** What is needed **
I'd like an exact copy of every line from the start of the entries below through the line containing "msp = doc.modelspace()", please.

** Given records **
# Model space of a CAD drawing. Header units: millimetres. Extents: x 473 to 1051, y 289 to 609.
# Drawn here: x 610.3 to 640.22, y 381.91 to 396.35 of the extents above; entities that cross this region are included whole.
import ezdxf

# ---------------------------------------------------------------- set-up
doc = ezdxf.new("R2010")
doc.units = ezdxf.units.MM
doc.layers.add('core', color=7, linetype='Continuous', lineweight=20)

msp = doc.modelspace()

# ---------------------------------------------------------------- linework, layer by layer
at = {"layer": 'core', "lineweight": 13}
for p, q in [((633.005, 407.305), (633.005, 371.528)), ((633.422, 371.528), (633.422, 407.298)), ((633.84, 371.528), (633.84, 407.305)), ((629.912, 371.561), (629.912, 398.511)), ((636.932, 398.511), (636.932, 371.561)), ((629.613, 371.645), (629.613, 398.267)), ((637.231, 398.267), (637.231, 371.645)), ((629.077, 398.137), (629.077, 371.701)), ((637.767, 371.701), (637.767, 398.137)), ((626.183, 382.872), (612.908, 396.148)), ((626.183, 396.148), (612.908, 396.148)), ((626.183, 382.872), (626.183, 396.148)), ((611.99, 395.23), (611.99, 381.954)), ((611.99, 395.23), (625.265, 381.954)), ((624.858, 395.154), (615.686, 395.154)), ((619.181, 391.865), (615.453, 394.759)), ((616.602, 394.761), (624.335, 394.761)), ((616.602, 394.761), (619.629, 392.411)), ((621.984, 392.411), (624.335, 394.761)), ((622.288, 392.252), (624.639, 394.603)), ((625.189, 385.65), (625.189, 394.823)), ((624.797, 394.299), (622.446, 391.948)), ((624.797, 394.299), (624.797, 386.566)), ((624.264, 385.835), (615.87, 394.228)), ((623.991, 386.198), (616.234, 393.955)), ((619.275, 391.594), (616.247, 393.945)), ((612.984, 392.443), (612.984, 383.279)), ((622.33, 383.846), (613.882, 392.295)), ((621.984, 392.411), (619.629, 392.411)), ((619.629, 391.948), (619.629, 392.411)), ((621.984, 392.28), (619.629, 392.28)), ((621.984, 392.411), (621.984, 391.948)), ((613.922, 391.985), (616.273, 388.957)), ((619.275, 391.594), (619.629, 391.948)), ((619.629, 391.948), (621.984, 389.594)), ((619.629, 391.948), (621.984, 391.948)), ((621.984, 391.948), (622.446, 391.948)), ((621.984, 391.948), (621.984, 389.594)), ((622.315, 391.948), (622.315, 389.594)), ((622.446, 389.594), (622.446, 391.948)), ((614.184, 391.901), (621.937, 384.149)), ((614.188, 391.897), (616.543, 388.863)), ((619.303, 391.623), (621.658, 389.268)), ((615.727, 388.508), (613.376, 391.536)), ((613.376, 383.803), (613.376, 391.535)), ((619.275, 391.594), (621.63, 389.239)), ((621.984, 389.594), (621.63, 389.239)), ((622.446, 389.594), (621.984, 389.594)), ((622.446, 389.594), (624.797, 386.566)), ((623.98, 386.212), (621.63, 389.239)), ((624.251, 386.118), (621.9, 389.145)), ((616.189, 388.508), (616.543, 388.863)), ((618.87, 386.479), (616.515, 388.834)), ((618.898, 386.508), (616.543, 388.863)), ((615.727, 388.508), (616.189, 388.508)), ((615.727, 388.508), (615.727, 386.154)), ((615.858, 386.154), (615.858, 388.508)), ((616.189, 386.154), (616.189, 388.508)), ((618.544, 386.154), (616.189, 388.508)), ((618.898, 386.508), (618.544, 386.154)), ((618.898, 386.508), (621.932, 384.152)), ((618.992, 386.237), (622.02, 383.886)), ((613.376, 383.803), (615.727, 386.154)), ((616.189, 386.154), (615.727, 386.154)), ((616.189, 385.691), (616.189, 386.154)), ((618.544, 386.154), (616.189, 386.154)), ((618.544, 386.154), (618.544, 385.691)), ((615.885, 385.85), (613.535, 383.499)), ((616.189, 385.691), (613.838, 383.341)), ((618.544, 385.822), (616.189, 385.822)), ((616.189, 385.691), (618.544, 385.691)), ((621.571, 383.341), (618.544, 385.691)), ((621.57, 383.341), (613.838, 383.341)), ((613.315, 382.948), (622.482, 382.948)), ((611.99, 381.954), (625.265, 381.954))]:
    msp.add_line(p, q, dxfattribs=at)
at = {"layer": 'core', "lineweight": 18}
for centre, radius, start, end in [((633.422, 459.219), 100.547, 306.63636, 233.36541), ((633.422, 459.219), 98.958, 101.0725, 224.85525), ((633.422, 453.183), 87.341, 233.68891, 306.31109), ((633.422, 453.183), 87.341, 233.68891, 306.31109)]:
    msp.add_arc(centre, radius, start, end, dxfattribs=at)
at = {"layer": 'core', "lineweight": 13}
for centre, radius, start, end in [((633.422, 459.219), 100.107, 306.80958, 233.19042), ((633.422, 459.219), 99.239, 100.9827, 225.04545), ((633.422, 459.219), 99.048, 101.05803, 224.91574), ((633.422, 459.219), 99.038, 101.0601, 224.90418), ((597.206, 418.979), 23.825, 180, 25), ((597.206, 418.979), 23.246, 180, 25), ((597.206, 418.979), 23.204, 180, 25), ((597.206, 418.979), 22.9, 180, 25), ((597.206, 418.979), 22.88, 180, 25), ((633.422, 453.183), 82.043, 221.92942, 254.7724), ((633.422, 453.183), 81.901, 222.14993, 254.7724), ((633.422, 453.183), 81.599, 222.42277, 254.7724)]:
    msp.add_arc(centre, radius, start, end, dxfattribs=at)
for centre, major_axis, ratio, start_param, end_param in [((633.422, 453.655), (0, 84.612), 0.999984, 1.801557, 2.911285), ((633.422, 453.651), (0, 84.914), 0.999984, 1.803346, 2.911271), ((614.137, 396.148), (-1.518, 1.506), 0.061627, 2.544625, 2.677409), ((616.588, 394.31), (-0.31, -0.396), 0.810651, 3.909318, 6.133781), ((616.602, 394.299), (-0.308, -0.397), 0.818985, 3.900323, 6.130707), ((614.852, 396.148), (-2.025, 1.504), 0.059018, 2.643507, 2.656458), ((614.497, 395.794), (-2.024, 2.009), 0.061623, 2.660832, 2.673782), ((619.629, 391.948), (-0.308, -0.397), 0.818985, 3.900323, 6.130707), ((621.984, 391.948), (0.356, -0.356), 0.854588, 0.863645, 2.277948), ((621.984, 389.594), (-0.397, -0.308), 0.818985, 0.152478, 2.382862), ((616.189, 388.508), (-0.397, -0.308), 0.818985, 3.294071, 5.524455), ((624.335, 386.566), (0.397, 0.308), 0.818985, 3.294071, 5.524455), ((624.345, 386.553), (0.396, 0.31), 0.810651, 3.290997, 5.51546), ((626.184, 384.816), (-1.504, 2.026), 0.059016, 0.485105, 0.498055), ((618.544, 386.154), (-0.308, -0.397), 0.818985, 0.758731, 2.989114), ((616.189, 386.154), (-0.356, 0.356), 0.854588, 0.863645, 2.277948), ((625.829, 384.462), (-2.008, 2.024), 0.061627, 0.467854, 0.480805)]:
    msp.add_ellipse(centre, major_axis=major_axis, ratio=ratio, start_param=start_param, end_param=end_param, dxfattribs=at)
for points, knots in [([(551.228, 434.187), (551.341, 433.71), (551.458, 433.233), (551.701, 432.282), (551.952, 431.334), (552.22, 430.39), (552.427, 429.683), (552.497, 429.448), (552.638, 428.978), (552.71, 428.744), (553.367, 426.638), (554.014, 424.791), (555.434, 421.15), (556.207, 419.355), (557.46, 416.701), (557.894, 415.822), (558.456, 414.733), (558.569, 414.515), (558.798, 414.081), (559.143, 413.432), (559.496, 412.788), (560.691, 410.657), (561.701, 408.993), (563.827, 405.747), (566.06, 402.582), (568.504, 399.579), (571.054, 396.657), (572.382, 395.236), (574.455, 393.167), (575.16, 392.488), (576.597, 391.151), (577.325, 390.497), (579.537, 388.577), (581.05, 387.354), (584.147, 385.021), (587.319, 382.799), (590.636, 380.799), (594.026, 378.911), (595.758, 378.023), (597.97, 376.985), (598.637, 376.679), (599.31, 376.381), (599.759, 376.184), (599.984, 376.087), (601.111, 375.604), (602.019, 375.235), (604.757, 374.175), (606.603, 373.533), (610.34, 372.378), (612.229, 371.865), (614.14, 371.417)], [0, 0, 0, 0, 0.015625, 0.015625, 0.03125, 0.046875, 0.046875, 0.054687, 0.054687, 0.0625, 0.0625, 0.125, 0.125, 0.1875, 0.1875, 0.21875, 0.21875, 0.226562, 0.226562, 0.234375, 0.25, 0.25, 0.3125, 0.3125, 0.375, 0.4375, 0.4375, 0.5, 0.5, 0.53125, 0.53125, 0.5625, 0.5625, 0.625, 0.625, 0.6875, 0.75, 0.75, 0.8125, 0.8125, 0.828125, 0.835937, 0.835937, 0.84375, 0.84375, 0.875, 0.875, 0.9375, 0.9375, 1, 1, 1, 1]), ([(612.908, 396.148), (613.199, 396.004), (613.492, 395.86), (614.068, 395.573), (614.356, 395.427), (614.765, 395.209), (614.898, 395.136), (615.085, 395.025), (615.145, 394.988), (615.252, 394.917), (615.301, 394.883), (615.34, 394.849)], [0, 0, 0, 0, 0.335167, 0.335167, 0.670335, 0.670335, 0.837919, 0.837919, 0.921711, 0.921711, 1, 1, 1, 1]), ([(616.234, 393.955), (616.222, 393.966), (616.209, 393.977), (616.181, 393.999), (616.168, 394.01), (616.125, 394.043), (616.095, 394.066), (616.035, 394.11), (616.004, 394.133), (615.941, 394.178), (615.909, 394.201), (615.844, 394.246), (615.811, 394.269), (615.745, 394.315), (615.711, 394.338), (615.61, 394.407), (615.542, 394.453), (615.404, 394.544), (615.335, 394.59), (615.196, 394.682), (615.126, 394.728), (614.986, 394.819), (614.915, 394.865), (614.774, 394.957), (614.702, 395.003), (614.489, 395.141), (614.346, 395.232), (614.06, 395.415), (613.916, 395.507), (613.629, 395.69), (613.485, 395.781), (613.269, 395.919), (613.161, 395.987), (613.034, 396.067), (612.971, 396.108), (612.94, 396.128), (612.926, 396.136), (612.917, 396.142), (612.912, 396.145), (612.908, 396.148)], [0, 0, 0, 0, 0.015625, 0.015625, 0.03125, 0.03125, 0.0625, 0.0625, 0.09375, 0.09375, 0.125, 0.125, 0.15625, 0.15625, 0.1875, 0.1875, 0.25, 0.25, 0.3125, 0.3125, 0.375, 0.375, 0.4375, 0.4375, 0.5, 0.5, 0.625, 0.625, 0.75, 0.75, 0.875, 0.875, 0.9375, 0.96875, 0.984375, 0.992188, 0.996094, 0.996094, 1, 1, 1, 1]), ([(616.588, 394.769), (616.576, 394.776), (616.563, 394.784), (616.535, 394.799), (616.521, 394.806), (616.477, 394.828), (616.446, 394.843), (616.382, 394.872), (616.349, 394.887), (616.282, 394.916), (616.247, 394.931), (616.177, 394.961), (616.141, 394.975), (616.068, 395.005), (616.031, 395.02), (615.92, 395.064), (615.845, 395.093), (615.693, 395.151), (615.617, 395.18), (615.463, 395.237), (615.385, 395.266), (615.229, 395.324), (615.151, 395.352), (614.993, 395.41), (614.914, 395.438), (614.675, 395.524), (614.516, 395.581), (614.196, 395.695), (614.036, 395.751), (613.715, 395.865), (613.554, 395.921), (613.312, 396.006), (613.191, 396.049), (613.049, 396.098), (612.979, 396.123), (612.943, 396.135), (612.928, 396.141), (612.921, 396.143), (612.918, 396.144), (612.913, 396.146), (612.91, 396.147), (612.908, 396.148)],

** Response to the exercise **
# Model space of a CAD drawing. Header units: millimetres. Extents: x 473 to 1051, y 289 to 609.
# Drawn here: x 610.3 to 640.22, y 381.91 to 396.35 of the extents above; entities that cross this region are included whole.
import ezdxf

# ---------------------------------------------------------------- set-up
doc = ezdxf.new("R2010")
doc.units = ezdxf.units.MM
doc.layers.add('core', color=7, linetype='Continuous', lineweight=20)

msp = doc.modelspace()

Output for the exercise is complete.